A film like Killer Joe is "very risky, no question about it," he continued. "But that's what draws me to it. I've only made 16 films in 45 years, because I'm only interested in works that challenge me. I don't have a lot of boundaries. Paraphrasing T.S. Eliot, unless you go too far, you don't know how far you can go." He believes in old-school nurturing, spending long hours talking to his actors about key moments in their lives, so he can help them recover those sense-memories for the camera; shooting only one or two takes, to keep it fresh; and creating a non-judgmental atmosphere, so they feel free to take risks.

Hirsch ignores boundaries, too, he said. We were sitting on a deliberately ratty sofa in a Toronto club; he was huddled over an illicit cigarette, showing me cellphone photos of the large, Fauve-ish oil paintings he's been making lately when he can't sleep. He has, as I mentioned, the dreamy manner of someone too gentle for this hard world, which he employs in films as diverse as Milk, Into the Wild, and Savages.

"There's not a general theme in the movies I make," Hirsch said. "I can see it would be hard to get a read on who the person behind this mask is. I think there's a part of me that's very scattered. Not just in a way of performing, but in a way of taste. I'm very much a person of moods, of places and feelings. I'm able to be enraptured with a specific thing for a period of time, and then let it go. Even my style of acting, I like to think I've changed it from movie to movie. In Speed Racer, it was meticulous, almost still. In Into the Wild, it was more improvisational and spontaneous. And in Killer Joe it's more theatrical."
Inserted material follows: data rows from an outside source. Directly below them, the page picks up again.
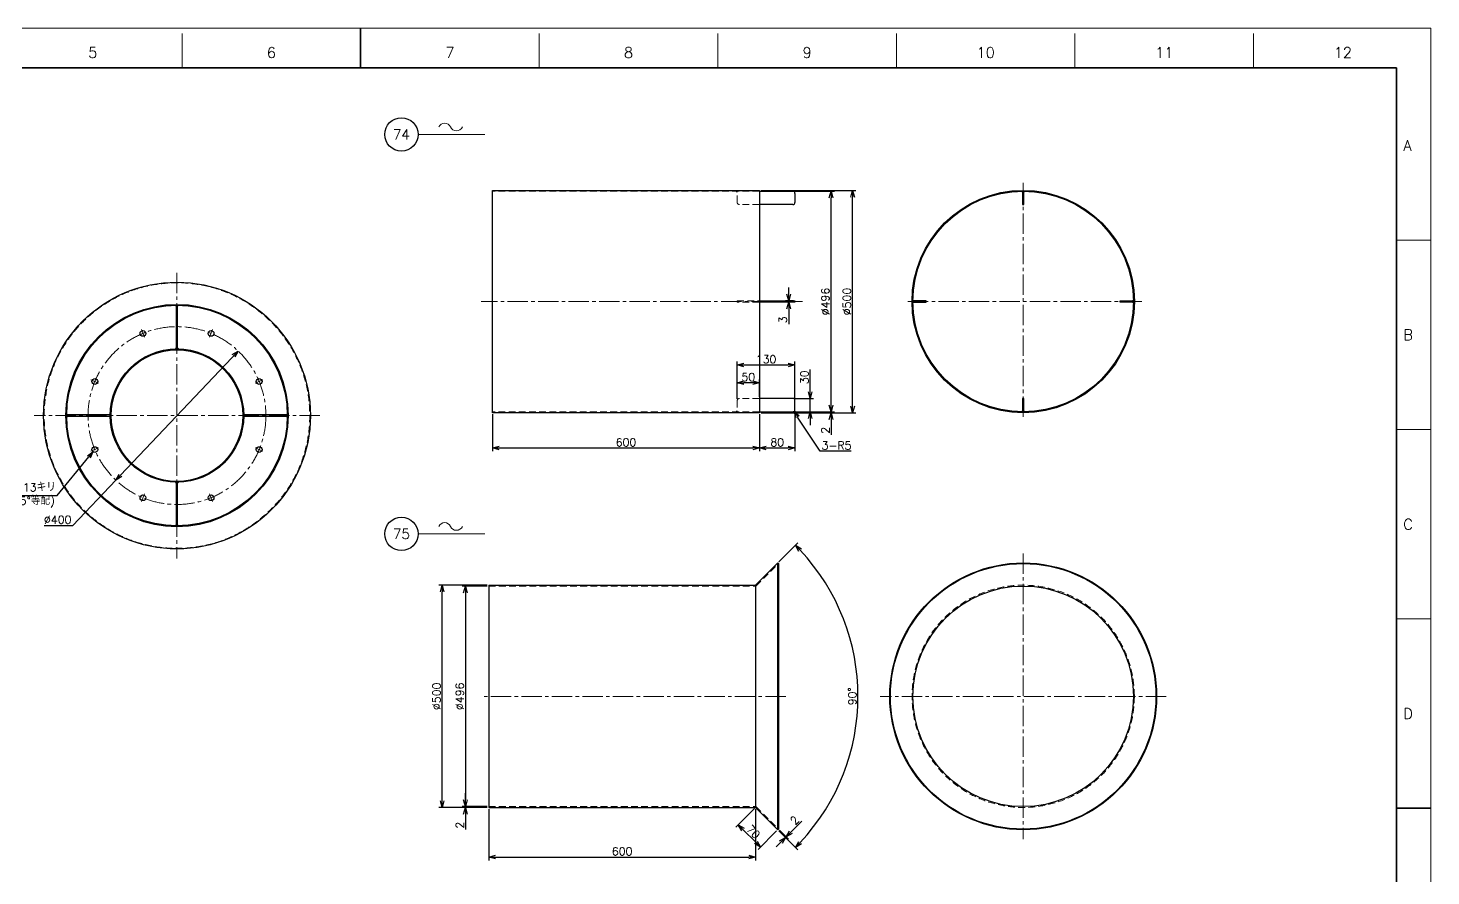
# Model space of a CAD drawing. Header units: millimetres. Extents: x 0 to 4969, y -29 to 3498.
# Drawn here: x 1814 to 4969, y 1590 to 3498 of the extents above; entities that cross this region are included whole.
import ezdxf
from ezdxf.entities.mleader import LeaderData, LeaderLine
from ezdxf.enums import TextEntityAlignment as Align
from ezdxf.math import Vec2, Vec3

# ---------------------------------------------------------------- set-up
doc = ezdxf.new("R2010")
doc.units = ezdxf.units.MM
doc.header["$LTSCALE"] = 2.4
doc.header["$PDMODE"] = 99
doc.header["$PDSIZE"] = 1
doc.linetypes.add('CENTER2', pattern=[28.575, 19.05, -3.175, 3.175, -3.175])
doc.linetypes.add('HIDDEN', pattern=[9.525, 6.35, -3.175])
for name, color, linetype, lineweight in [('04_HIDDEN', 2, 'HIDDEN', 13), ('05_CENTER', 4, 'CENTER2', 13), ('08_DIM', 3, 'Continuous', 13), ('90_FRAME', 5, 'Continuous', 35)]:
    doc.layers.add(name, color=color, linetype=linetype, lineweight=lineweight)
doc.layers.add('91_BLANK', color=5, linetype='Continuous', lineweight=0, plot=False)
doc.styles.add('KSS_TXT', font='txt.shx', dxfattribs={"bigfont": 'extfont2.shx'})
doc.styles.get("Standard").update_dxf_attribs({"font": 'txt.shx', "bigfont": 'extfont2.shx'})
doc.dimstyles.new('KSS_DIM', dxfattribs={"dimscale": 6, "dimtxt": 3, "dimasz": 2.5, "dimexe": 1.25, "dimexo": 0.625, "dimtad": 1, "dimdsep": 46, "dimtxsty": 'KSS_TXT', "dimblk": 'OPEN30', "dimcen": 0, "dimazin": 2, "dimtfac": 0.75, "dimtmove": 0, "dimatfit": 3, "dimldrblk": 'OPEN30', "dimfxl": 1.25, "dimtolj": 1, "dimarcsym": 0})
doc.dimstyles.new('KSS_DIM$3', dxfattribs={"dimscale": 6, "dimtxt": 3, "dimasz": 2.5, "dimexe": 1.25, "dimexo": 0.625, "dimtad": 1, "dimtih": 1, "dimtoh": 1, "dimdsep": 46, "dimtxsty": 'KSS_TXT', "dimblk": 'OPEN30', "dimcen": 0, "dimazin": 2, "dimtfac": 0.75, "dimtofl": 0, "dimtmove": 0, "dimatfit": 3, "dimldrblk": 'OPEN30', "dimfxl": 1.25, "dimtolj": 1, "dimarcsym": 0})
doc.dimstyles.new('KSS_DIM$4', dxfattribs={"dimscale": 6, "dimtxt": 3, "dimasz": 2.5, "dimexe": 1.25, "dimexo": 0.625, "dimtad": 1, "dimtih": 1, "dimtoh": 1, "dimdsep": 46, "dimtxsty": 'KSS_TXT', "dimblk": 'OPEN30', "dimcen": 0, "dimse1": 1, "dimazin": 2, "dimtfac": 0.75, "dimtofl": 0, "dimtmove": 0, "dimatfit": 3, "dimldrblk": 'OPEN30', "dimfxl": 1.25, "dimtolj": 1, "dimarcsym": 0})

# ---------------------------------------------------------------- blocks, each defined once
blk = doc.blocks.new('AM_BALLOON1')
at = {"transparency": 16777216}
blk.add_circle((0, 0), 5, dxfattribs=at)
blk.add_attdef('B_NUMBER', text='', height=3, dxfattribs=at).set_placement((0, 0), align=Align.MIDDLE_CENTER)
blk = doc.blocks.new('_OPEN')
at = {"color": 0, "linetype": 'ByBlock'}
for p, q in [((-1, 0.17), (0, 0)), ((0, 0), (-1, -0.17)), ((0, 0), (-1, 0))]:
    blk.add_line(p, q, dxfattribs=at)
blk = doc.blocks.new('p1ba05')
for centre, start, end in [((-2.95, 0.29), 24.2276, 155.5758), ((0, 1.62), 204.2276, 335.5758)]:
    blk.add_arc(centre, 1.62, start, end)
blk = doc.blocks.new('_Open30')
at = {"color": 0, "linetype": 'ByBlock', "lineweight": -2}
for p, q in [((-1, 0.27), (0, 0)), ((0, 0), (-1, -0.27)), ((0, 0), (-1, 0))]:
    blk.add_line(p, q, dxfattribs=at)
blk = doc.blocks.new('*D205')
at = {"layer": '08_DIM', "color": 0, "lineweight": -2, "transparency": 16777216}
for p, q in [((2286.8, 2771.1), (2021.9, 2491.7)), ((1915.1, 2378.9), (2011.6, 2480.8)), ((1850.6, 2378.9), (1915.1, 2378.9))]:
    blk.add_line(p, q, dxfattribs=at)
at = {"layer": 'Defpoints', "color": 0, "transparency": 16777216}
for p in [(2286.8, 2771.1), (2011.6, 2480.8)]:
    blk.add_point(p, dxfattribs=at)
at = {"layer": '08_DIM', "color": 0, "lineweight": -2, "transparency": 16777216, "xscale": 15, "yscale": 15, "zscale": 15}
for p, rotation in [((2286.8, 2771.1), 46.53706832632982), ((2011.6, 2480.8), 226.5370683263298)]:
    blk.add_blockref('_Open30', p, dxfattribs=dict(at, rotation=rotation))
at = {"layer": '08_DIM', "color": 0, "transparency": 16777216, "insert": (1880.9, 2391.7), "char_height": 18, "attachment_point": 5, "style": 'KSS_TXT'}
blk.add_mtext('\\A1;%%C400', dxfattribs=at)
blk = doc.blocks.new('*D208')
at = {"layer": '08_DIM', "color": 0, "lineweight": -2, "transparency": 16777216}
for p, q in [((3573.1, 2679.4), (3573.1, 2729.7)), ((3537.8, 2664.4), (3580.6, 2664.4)), ((3573.1, 2634.4), (3573.1, 2664.4)), ((3537.8, 2634.4), (3580.6, 2634.4)), ((3573.1, 2619.4), (3573.1, 2604.4))]:
    blk.add_line(p, q, dxfattribs=at)
at = {"layer": 'Defpoints', "color": 0, "transparency": 16777216}
for p in [(3534, 2664.4), (3573.1, 2664.4), (3534, 2634.4)]:
    blk.add_point(p, dxfattribs=at)
at = {"layer": '08_DIM', "color": 0, "lineweight": -2, "transparency": 16777216, "xscale": 15, "yscale": 15, "zscale": 15}
for p, rotation in [((3573.1, 2664.4), 270), ((3573.1, 2634.4), 90)]:
    blk.add_blockref('_Open30', p, dxfattribs=dict(at, rotation=rotation))
at = {"layer": '08_DIM', "color": 0, "transparency": 16777216, "insert": (3560.3, 2712.1), "char_height": 18, "attachment_point": 5, "rotation": 90, "style": 'KSS_TXT'}
blk.add_mtext('\\A1;30', dxfattribs=at)
blk = doc.blocks.new('*D209')
at = {"layer": '08_DIM', "color": 0, "lineweight": -2, "transparency": 16777216}
for p, q in [((3409, 2663.2), (3409, 2707.3)), ((3444, 2699.8), (3424, 2699.8)), ((3459, 2668.2), (3459, 2707.3))]:
    blk.add_line(p, q, dxfattribs=at)
at = {"layer": 'Defpoints', "color": 0, "transparency": 16777216}
for p in [(3409, 2699.8), (3409, 2659.4), (3459, 2664.4)]:
    blk.add_point(p, dxfattribs=at)
at = {"layer": '08_DIM', "color": 0, "lineweight": -2, "transparency": 16777216, "xscale": 15, "yscale": 15, "zscale": 15, "rotation": 180}
blk.add_blockref('_Open30', (3409, 2699.8), dxfattribs=at)
at = {"layer": '08_DIM', "color": 0, "lineweight": -2, "transparency": 16777216, "xscale": 15, "yscale": 15, "zscale": 15}
blk.add_blockref('_Open30', (3459, 2699.8), dxfattribs=at)
at = {"layer": '08_DIM', "color": 0, "transparency": 16777216, "insert": (3434, 2712.5), "char_height": 18, "attachment_point": 5, "style": 'KSS_TXT'}
blk.add_mtext('\\A1;50', dxfattribs=at)
blk = doc.blocks.new('*D210')
at = {"layer": '08_DIM', "color": 0, "lineweight": -2, "transparency": 16777216}
for p, q in [((3409, 2663.2), (3409, 2747.3)), ((3539, 2663.2), (3539, 2747.3)), ((3424, 2739.8), (3524, 2739.8))]:
    blk.add_line(p, q, dxfattribs=at)
at = {"layer": 'Defpoints', "color": 0, "transparency": 16777216}
for p in [(3539, 2739.8), (3409, 2659.4), (3539, 2659.4)]:
    blk.add_point(p, dxfattribs=at)
at = {"layer": '08_DIM', "color": 0, "lineweight": -2, "transparency": 16777216, "xscale": 15, "yscale": 15, "zscale": 15, "rotation": 180}
blk.add_blockref('_Open30', (3409, 2739.8), dxfattribs=at)
at = {"layer": '08_DIM', "color": 0, "lineweight": -2, "transparency": 16777216, "xscale": 15, "yscale": 15, "zscale": 15}
blk.add_blockref('_Open30', (3539, 2739.8), dxfattribs=at)
at = {"layer": '08_DIM', "color": 0, "transparency": 16777216, "insert": (3474, 2752.5), "char_height": 18, "attachment_point": 5, "style": 'KSS_TXT'}
blk.add_mtext('\\A1;130', dxfattribs=at)
blk = doc.blocks.new('*D211')
at = {"layer": '08_DIM', "color": 0, "lineweight": -2, "transparency": 16777216}
for p, q in [((3620, 2649.4), (3620, 2664.4)), ((3462.8, 2632.4), (3627.5, 2632.4)), ((3537.8, 2634.4), (3627.5, 2634.4)), ((3620, 2634.4), (3620, 2632.4)), ((3620, 2617.4), (3620, 2582.9))]:
    blk.add_line(p, q, dxfattribs=at)
at = {"layer": 'Defpoints', "color": 0, "transparency": 16777216}
for p in [(3459, 2632.4), (3534, 2634.4), (3620, 2632.4)]:
    blk.add_point(p, dxfattribs=at)
at = {"layer": '08_DIM', "color": 0, "lineweight": -2, "transparency": 16777216, "xscale": 15, "yscale": 15, "zscale": 15}
for p, rotation in [((3620, 2634.4), 270), ((3620, 2632.4), 90)]:
    blk.add_blockref('_Open30', p, dxfattribs=dict(at, rotation=rotation))
at = {"layer": '08_DIM', "color": 0, "transparency": 16777216, "insert": (3607.3, 2592.7), "char_height": 18, "attachment_point": 5, "rotation": 90, "style": 'KSS_TXT'}
blk.add_mtext('\\A1;2', dxfattribs=at)
blk = doc.blocks.new('*D212')
at = {"layer": '08_DIM', "color": 0, "lineweight": -2, "transparency": 16777216}
for p, q in [((3462.8, 3132.4), (3676, 3132.4)), ((3668.5, 2647.4), (3668.5, 3117.4)), ((3462.8, 2632.4), (3676, 2632.4))]:
    blk.add_line(p, q, dxfattribs=at)
at = {"layer": 'Defpoints', "color": 0, "transparency": 16777216}
for p in [(3459, 3132.4), (3668.5, 3132.4), (3459, 2632.4)]:
    blk.add_point(p, dxfattribs=at)
at = {"layer": '08_DIM', "color": 0, "lineweight": -2, "transparency": 16777216, "xscale": 15, "yscale": 15, "zscale": 15}
for p, rotation in [((3668.5, 3132.4), 90), ((3668.5, 2632.4), 270)]:
    blk.add_blockref('_Open30', p, dxfattribs=dict(at, rotation=rotation))
at = {"layer": '08_DIM', "color": 0, "transparency": 16777216, "insert": (3655.7, 2882.4), "char_height": 18, "attachment_point": 5, "rotation": 90, "style": 'KSS_TXT'}
blk.add_mtext('\\A1;\\A1;%%c500', dxfattribs=at)
blk = doc.blocks.new('*D213')
at = {"layer": '08_DIM', "color": 0, "lineweight": -2, "transparency": 16777216}
for p, q in [((3537.8, 3130.4), (3627.5, 3130.4)), ((3620, 2649.4), (3620, 3115.4)), ((3537.8, 2634.4), (3627.5, 2634.4))]:
    blk.add_line(p, q, dxfattribs=at)
at = {"layer": 'Defpoints', "color": 0, "transparency": 16777216}
for p in [(3534, 3130.4), (3620, 3130.4), (3534, 2634.4)]:
    blk.add_point(p, dxfattribs=at)
at = {"layer": '08_DIM', "color": 0, "lineweight": -2, "transparency": 16777216, "xscale": 15, "yscale": 15, "zscale": 15}
for p, rotation in [((3620, 3130.4), 90), ((3620, 2634.4), 270)]:
    blk.add_blockref('_Open30', p, dxfattribs=dict(at, rotation=rotation))
at = {"layer": '08_DIM', "color": 0, "transparency": 16777216, "insert": (3607.3, 2882.4), "char_height": 18, "attachment_point": 5, "rotation": 90, "style": 'KSS_TXT'}
blk.add_mtext('\\A1;\\A1;%%c496', dxfattribs=at)
blk = doc.blocks.new('*D214')
at = {"layer": '08_DIM', "color": 0, "lineweight": -2, "transparency": 16777216}
for p, q in [((2859, 2628.7), (2859, 2545.5)), ((3459, 2628.7), (3459, 2545.5)), ((2874, 2553), (3444, 2553))]:
    blk.add_line(p, q, dxfattribs=at)
at = {"layer": 'Defpoints', "color": 0, "transparency": 16777216}
for p in [(2859, 2632.4), (3459, 2632.4), (3459, 2553)]:
    blk.add_point(p, dxfattribs=at)
at = {"layer": '08_DIM', "color": 0, "lineweight": -2, "transparency": 16777216, "xscale": 15, "yscale": 15, "zscale": 15, "rotation": 180}
blk.add_blockref('_Open30', (2859, 2553), dxfattribs=at)
at = {"layer": '08_DIM', "color": 0, "lineweight": -2, "transparency": 16777216, "xscale": 15, "yscale": 15, "zscale": 15}
blk.add_blockref('_Open30', (3459, 2553), dxfattribs=at)
at = {"layer": '08_DIM', "color": 0, "transparency": 16777216, "insert": (3159, 2565.7), "char_height": 18, "attachment_point": 5, "style": 'KSS_TXT'}
blk.add_mtext('\\A1;600', dxfattribs=at)
blk = doc.blocks.new('*D215')
at = {"layer": '08_DIM', "color": 0, "lineweight": -2, "transparency": 16777216}
for p, q in [((3459, 2628.7), (3459, 2545.5)), ((3539, 2635.7), (3539, 2545.5)), ((3474, 2553), (3524, 2553))]:
    blk.add_line(p, q, dxfattribs=at)
at = {"layer": 'Defpoints', "color": 0, "transparency": 16777216}
for p in [(3459, 2632.4), (3539, 2639.4), (3539, 2553)]:
    blk.add_point(p, dxfattribs=at)
at = {"layer": '08_DIM', "color": 0, "lineweight": -2, "transparency": 16777216, "xscale": 15, "yscale": 15, "zscale": 15, "rotation": 180}
blk.add_blockref('_Open30', (3459, 2553), dxfattribs=at)
at = {"layer": '08_DIM', "color": 0, "lineweight": -2, "transparency": 16777216, "xscale": 15, "yscale": 15, "zscale": 15}
blk.add_blockref('_Open30', (3539, 2553), dxfattribs=at)
at = {"layer": '08_DIM', "color": 0, "transparency": 16777216, "insert": (3499, 2565.7), "char_height": 18, "attachment_point": 5, "style": 'KSS_TXT'}
blk.add_mtext('\\A1;80', dxfattribs=at)
blk = doc.blocks.new('*D216')
at = {"layer": '08_DIM', "color": 0, "lineweight": -2, "transparency": 16777216}
for p, q in [((3524.8, 2898.9), (3524.8, 2913.9)), ((3535.3, 2883.9), (3517.3, 2883.9)), ((3535.3, 2880.9), (3517.3, 2880.9)), ((3524.8, 2883.9), (3524.8, 2880.9)), ((3524.8, 2865.9), (3524.8, 2831.4))]:
    blk.add_line(p, q, dxfattribs=at)
at = {"layer": 'Defpoints', "color": 0, "transparency": 16777216}
for p in [(3524.8, 2880.9), (3539, 2883.9), (3539, 2880.9)]:
    blk.add_point(p, dxfattribs=at)
at = {"layer": '08_DIM', "color": 0, "lineweight": -2, "transparency": 16777216, "xscale": 15, "yscale": 15, "zscale": 15}
for p, rotation in [((3524.8, 2883.9), 270), ((3524.8, 2880.9), 90)]:
    blk.add_blockref('_Open30', p, dxfattribs=dict(at, rotation=rotation))
at = {"layer": '08_DIM', "color": 0, "transparency": 16777216, "insert": (3512, 2841.2), "char_height": 18, "attachment_point": 5, "rotation": 90, "style": 'KSS_TXT'}
blk.add_mtext('\\A1;3', dxfattribs=at)
blk = doc.blocks.new('*D217')
at = {"layer": '08_DIM', "color": 0, "lineweight": -2, "transparency": 16777216}
for p, q in [((2850.3, 1740.7), (2850.3, 1625.4)), ((3450.3, 1740.7), (3450.3, 1625.4)), ((2865.3, 1632.9), (3435.3, 1632.9))]:
    blk.add_line(p, q, dxfattribs=at)
at = {"layer": 'Defpoints', "color": 0, "transparency": 16777216}
for p in [(2850.3, 1744.4), (3450.3, 1744.4), (3450.3, 1632.9)]:
    blk.add_point(p, dxfattribs=at)
at = {"layer": '08_DIM', "color": 0, "lineweight": -2, "transparency": 16777216, "xscale": 15, "yscale": 15, "zscale": 15, "rotation": 180}
blk.add_blockref('_Open30', (2850.3, 1632.9), dxfattribs=at)
at = {"layer": '08_DIM', "color": 0, "lineweight": -2, "transparency": 16777216, "xscale": 15, "yscale": 15, "zscale": 15}
blk.add_blockref('_Open30', (3450.3, 1632.9), dxfattribs=at)
at = {"layer": '08_DIM', "color": 0, "transparency": 16777216, "insert": (3150.3, 1645.7), "char_height": 18, "attachment_point": 5, "style": 'KSS_TXT'}
blk.add_mtext('\\A1;600', dxfattribs=at)
blk = doc.blocks.new('*D218')
at = {"layer": '08_DIM', "color": 0, "lineweight": -2, "transparency": 16777216}
for p, q in [((2846.6, 2242.4), (2790.4, 2242.4)), ((2797.9, 2227.4), (2797.9, 1761.4)), ((2846.6, 1746.4), (2790.4, 1746.4))]:
    blk.add_line(p, q, dxfattribs=at)
at = {"layer": 'Defpoints', "color": 0, "transparency": 16777216}
for p in [(2850.3, 2242.4), (2797.9, 1746.4), (2850.3, 1746.4)]:
    blk.add_point(p, dxfattribs=at)
at = {"layer": '08_DIM', "color": 0, "lineweight": -2, "transparency": 16777216, "xscale": 15, "yscale": 15, "zscale": 15}
for p, rotation in [((2797.9, 2242.4), 90), ((2797.9, 1746.4), 270)]:
    blk.add_blockref('_Open30', p, dxfattribs=dict(at, rotation=rotation))
at = {"layer": '08_DIM', "color": 0, "transparency": 16777216, "insert": (2785.2, 1994.4), "char_height": 18, "attachment_point": 5, "rotation": 90, "style": 'KSS_TXT'}
blk.add_mtext('\\A1;\\A1;%%c496', dxfattribs=at)
blk = doc.blocks.new('*D219')
at = {"layer": '08_DIM', "color": 0, "lineweight": -2, "transparency": 16777216}
for p, q in [((2846.6, 2244.4), (2738.1, 2244.4)), ((2745.6, 1759.4), (2745.6, 2229.4)), ((2846.6, 1744.4), (2738.1, 1744.4))]:
    blk.add_line(p, q, dxfattribs=at)
at = {"layer": 'Defpoints', "color": 0, "transparency": 16777216}
for p in [(2745.6, 2244.4), (2850.3, 2244.4), (2850.3, 1744.4)]:
    blk.add_point(p, dxfattribs=at)
at = {"layer": '08_DIM', "color": 0, "lineweight": -2, "transparency": 16777216, "xscale": 15, "yscale": 15, "zscale": 15}
for p, rotation in [((2745.6, 2244.4), 90), ((2745.6, 1744.4), 270)]:
    blk.add_blockref('_Open30', p, dxfattribs=dict(at, rotation=rotation))
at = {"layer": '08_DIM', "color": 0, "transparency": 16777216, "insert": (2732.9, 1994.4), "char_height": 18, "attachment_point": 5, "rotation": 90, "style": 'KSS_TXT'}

Hirsch grew up "around a lot of trailer parks" in Santa Fe, N.M. and Topanga Canyon, Calif. "There were a lot of crazy dudes with their shirts off smoking cigarettes screaming their [freaking] heads off," he said. At age 6, he saw the movie that made him want to act: believe it or not, Home Alone. "I was obsessed with that movie," he said. "It's a strange thing to hear me say, I'm sure. But my parents were getting divorced, so to see Macaulay Culkin having more fun than any other kid – I was beside myself with the desire to do that. And that never really went away. There's a real catharsis for me with acting that I really enjoy. There's kind of a creative itch that I have, an artistic compulsion."

But perhaps the biggest beneficiary of Killer Joe, Matthew McConaughey, was too busy building on it to come to TIFF. His quiet control as Joe, his flinty authority, immediately reduced the drawling shirt-removal he did in his romantic comedies to prelude. I've always liked him, but what was once all abs is now a much more interesting underbelly. (See also: The Lincoln Lawyer and Magic Mike.) And it looks like this is a new direction rather than a blip: He's currently getting ghost-thin to play an AIDS sufferer who breaks open the underground market for HIV drugs in the upcoming The Dallas Buyer's Club for Canadian director Jean-Marc Vallée (Café de Flore.). After that he'll be The Wolf of Wall Street – for Martin Scorsese.

McConaughey hated Killer Joe when he first read it, Friedkin said: "He thought it was vile and disgusting, and he threw it away." But he came to understand the appeal, not only of the story, but also for his life. "If you're a handsome leading man, Hollywood wants you to show up, be charming, and that's it," Friedkin said. "Matthew made a fortune doing that, and could have done it for the rest of his life, like Cary Grant. But he took control of his career." He pulverized the box, exploded the envelope, and did what only true risk can do – made us see him anew.

Will Killer Joe be successful? Not financially. Was that its point? Not remotely. Wear the turban, friends. Let your freak turban fly.